[[ Task data, beginning ]]
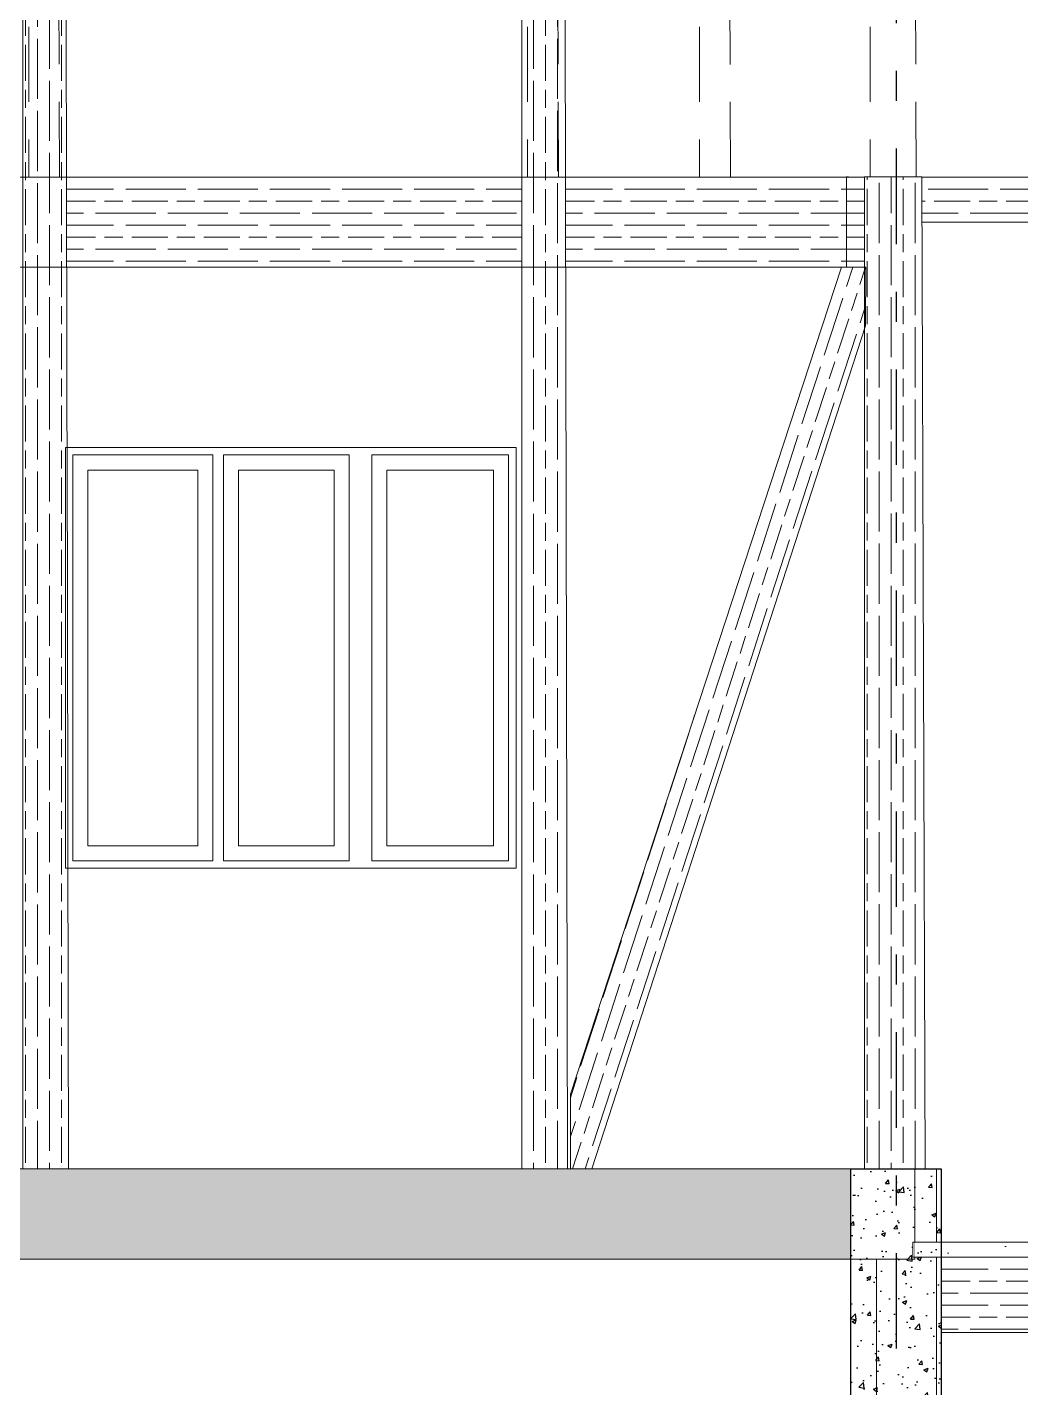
# Model space of a CAD drawing. Header units: metres. Extents: x 0 to 22, y -3 to 11.8.
# Drawn here: x 14.539 to 17.845, y 2.561 to 7.087 of the extents above; entities that cross this region are included whole.
import ezdxf
from ezdxf.enums import TextEntityAlignment as Align

# ---------------------------------------------------------------- set-up
doc = ezdxf.new("R2010")
doc.units = ezdxf.units.M
doc.header["$MEASUREMENT"] = 0
for name, pattern in [('DASHDOT', [25.4, 12.7, -6.35, 0, -6.35]), ('Xref_Alzado 2 Est$0$HIDDEN', [0.375, 0.25, -0.125]), ('Xref_Alzado 2$0$Wipeout_Contour', [1000, 0, -1000])]:
    doc.linetypes.add(name, pattern=pattern)
for name, color, linetype in [('Eje', 5, 'DASHDOT'), ('TEXTO', 7, 'Continuous'), ('Xref_Alzado 2 Est$0$00-COLUMNAS', 253, 'Continuous'), ('Xref_Alzado 2$0$Archicad Windows', 7, 'Continuous'), ('Xref_Alzado 2$0$Estructura - Cubiertas', 7, 'Continuous'), ('Xref_Alzado 2$0$Estructura - Forjados', 7, 'Continuous'), ('Xref_Alzado 2$0$Estructura - Muros', 7, 'Continuous'), ('Xref_Alzado 2$0$Estructura - Vigas y Pilares', 7, 'Continuous')]:
    doc.layers.add(name, color=color, linetype=linetype)
for name, color, linetype, lineweight in [('Xref_Alzado 2 Est$0$00-MADERA', 42, 'Continuous', 13), ('Xref_Alzado 2 Est$0$00-VIGAS', 4, 'Continuous', 13), ('Xref_Alzado 2$0$Estructura - Forjados_Pen_No__1', 7, 'Continuous', 13), ('Xref_Alzado 2$0$Estructura - Muros_Pen_No__1', 7, 'Continuous', 13)]:
    doc.layers.add(name, color=color, linetype=linetype, lineweight=lineweight)
for name, color, linetype, lineweight, true_color in [('Xref_Alzado 2$0$Archicad Windows_Pen_No__81', 7, 'Continuous', 13, 0x6a6a6a), ('Xref_Alzado 2$0$Estructura - Forjados_Pen_No__170', 7, 'Continuous', 13, 0x9f9f00), ('Xref_Alzado 2$0$Estructura - Forjados_Pen_No__81', 7, 'Continuous', 13, 0x6a6a6a), ('Xref_Alzado 2$0$Estructura - Muros_Pen_No__81', 7, 'Continuous', 13, 0x6a6a6a), ('Xref_Alzado 2$0$Estructura - Vigas y Pilares_Pen_No__81', 7, 'Continuous', 13, 0x6a6a6a)]:
    doc.layers.add(name, color=color, linetype=linetype, lineweight=lineweight, true_color=true_color)
doc.styles.add('Arial', font='arial.ttf')

# ---------------------------------------------------------------- blocks, each defined once
blk = doc.blocks.new('Xref_Alzado 2$0$Section Element_2')
at = {"color": 254, "linetype": 'Xref_Alzado 2$0$Wipeout_Contour', "lineweight": 0, "ltscale": 29536.329476}
blk.add_wipeout([(-8030.2, 0), (-8030.2, -300), (6731.8, -300), (6731.8, 0)], dxfattribs=at).dxf.layer = 'Xref_Alzado 2$0$Estructura - Forjados'
at = {"layer": 'Xref_Alzado 2$0$Estructura - Forjados_Pen_No__1', "color": 7, "linetype": 'Continuous', "lineweight": 13}
for p, q in [((6250.6, 0), (-2423.7, 0)), ((6731.8, 0), (6731.8, -243.9)), ((6731.8, -243.9), (6731.8, -293.9)), ((6510.9, -300), (2769.7, -300)), ((6604.6, -300), (6510.9, -300)), ((6710.9, -300), (6604.6, -300)), ((6731.8, -300), (6710.9, -300)), ((6731.8, -293.9), (6731.8, -300))]:
    blk.add_line(p, q, dxfattribs=at)
blk = doc.blocks.new('Xref_Alzado 2$0$Section Element_3')
at = {"color": 254, "linetype": 'Xref_Alzado 2$0$Wipeout_Contour', "lineweight": 0, "ltscale": 43453.612002}
blk.add_wipeout([(10859, -293.9), (10861.1, -293.9), (10861.1, -243.9), (10859, -243.9)], dxfattribs=at).dxf.layer = 'Xref_Alzado 2$0$Estructura - Forjados'
at = {"color": 254, "linetype": 'Xref_Alzado 2$0$Wipeout_Contour', "lineweight": 0, "ltscale": 295735.901563}
blk.add_wipeout([(6731.8, -243.9), (6731.8, -293.9), (10859, -293.9), (10859, -243.9), (10075.5, -243.9), (10073.3, -274.6), (10073, -275.3), (10068.1, -279.2), (10062.7, -275.8), (10062.4, -275.2), (10056.7, -243.9), (9780.9, -243.9), (9775.3, -275.2), (9774.9, -275.8), (9769.6, -279.2), (9764.6, -275.3), (9764.4, -274.6), (9762.1, -243.9), (8840.2, -243.9), (8837.9, -274.6), (8837.7, -275.3), (8832.7, -279.2), (8827.4, -275.8), (8827, -275.2), (8821.4, -243.9), (8545.6, -243.9), (8539.9, -275.2), (8539.6, -275.8), (8534.2, -279.2), (8529.3, -275.3), (8529, -274.6), (8526.8, -243.9)], dxfattribs=at).dxf.layer = 'Xref_Alzado 2$0$Estructura - Forjados'
at = {"layer": 'Xref_Alzado 2$0$Estructura - Forjados_Pen_No__170', "linetype": 'Continuous', "lineweight": 13, "true_color": 0x9f9f00}
h = blk.add_hatch(dxfattribs=at)
h.set_pattern_fill('HORMIGÓN_ARMADO', color=54, style=0, pattern_type=2)
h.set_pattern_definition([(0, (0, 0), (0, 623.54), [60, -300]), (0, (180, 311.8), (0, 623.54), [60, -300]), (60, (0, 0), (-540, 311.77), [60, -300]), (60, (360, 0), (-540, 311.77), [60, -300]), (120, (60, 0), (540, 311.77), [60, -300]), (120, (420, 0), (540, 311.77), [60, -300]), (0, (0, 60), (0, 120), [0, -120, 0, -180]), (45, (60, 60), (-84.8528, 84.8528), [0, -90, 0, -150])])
[[ Task data, end ]]
Exercise prompt — Check each line of the entries for the string "units". Copy the lines that have it.

Answer to this task —
# Model space of a CAD drawing. Header units: metres. Extents: x 0 to 22, y -3 to 11.8.
doc.units = ezdxf.units.M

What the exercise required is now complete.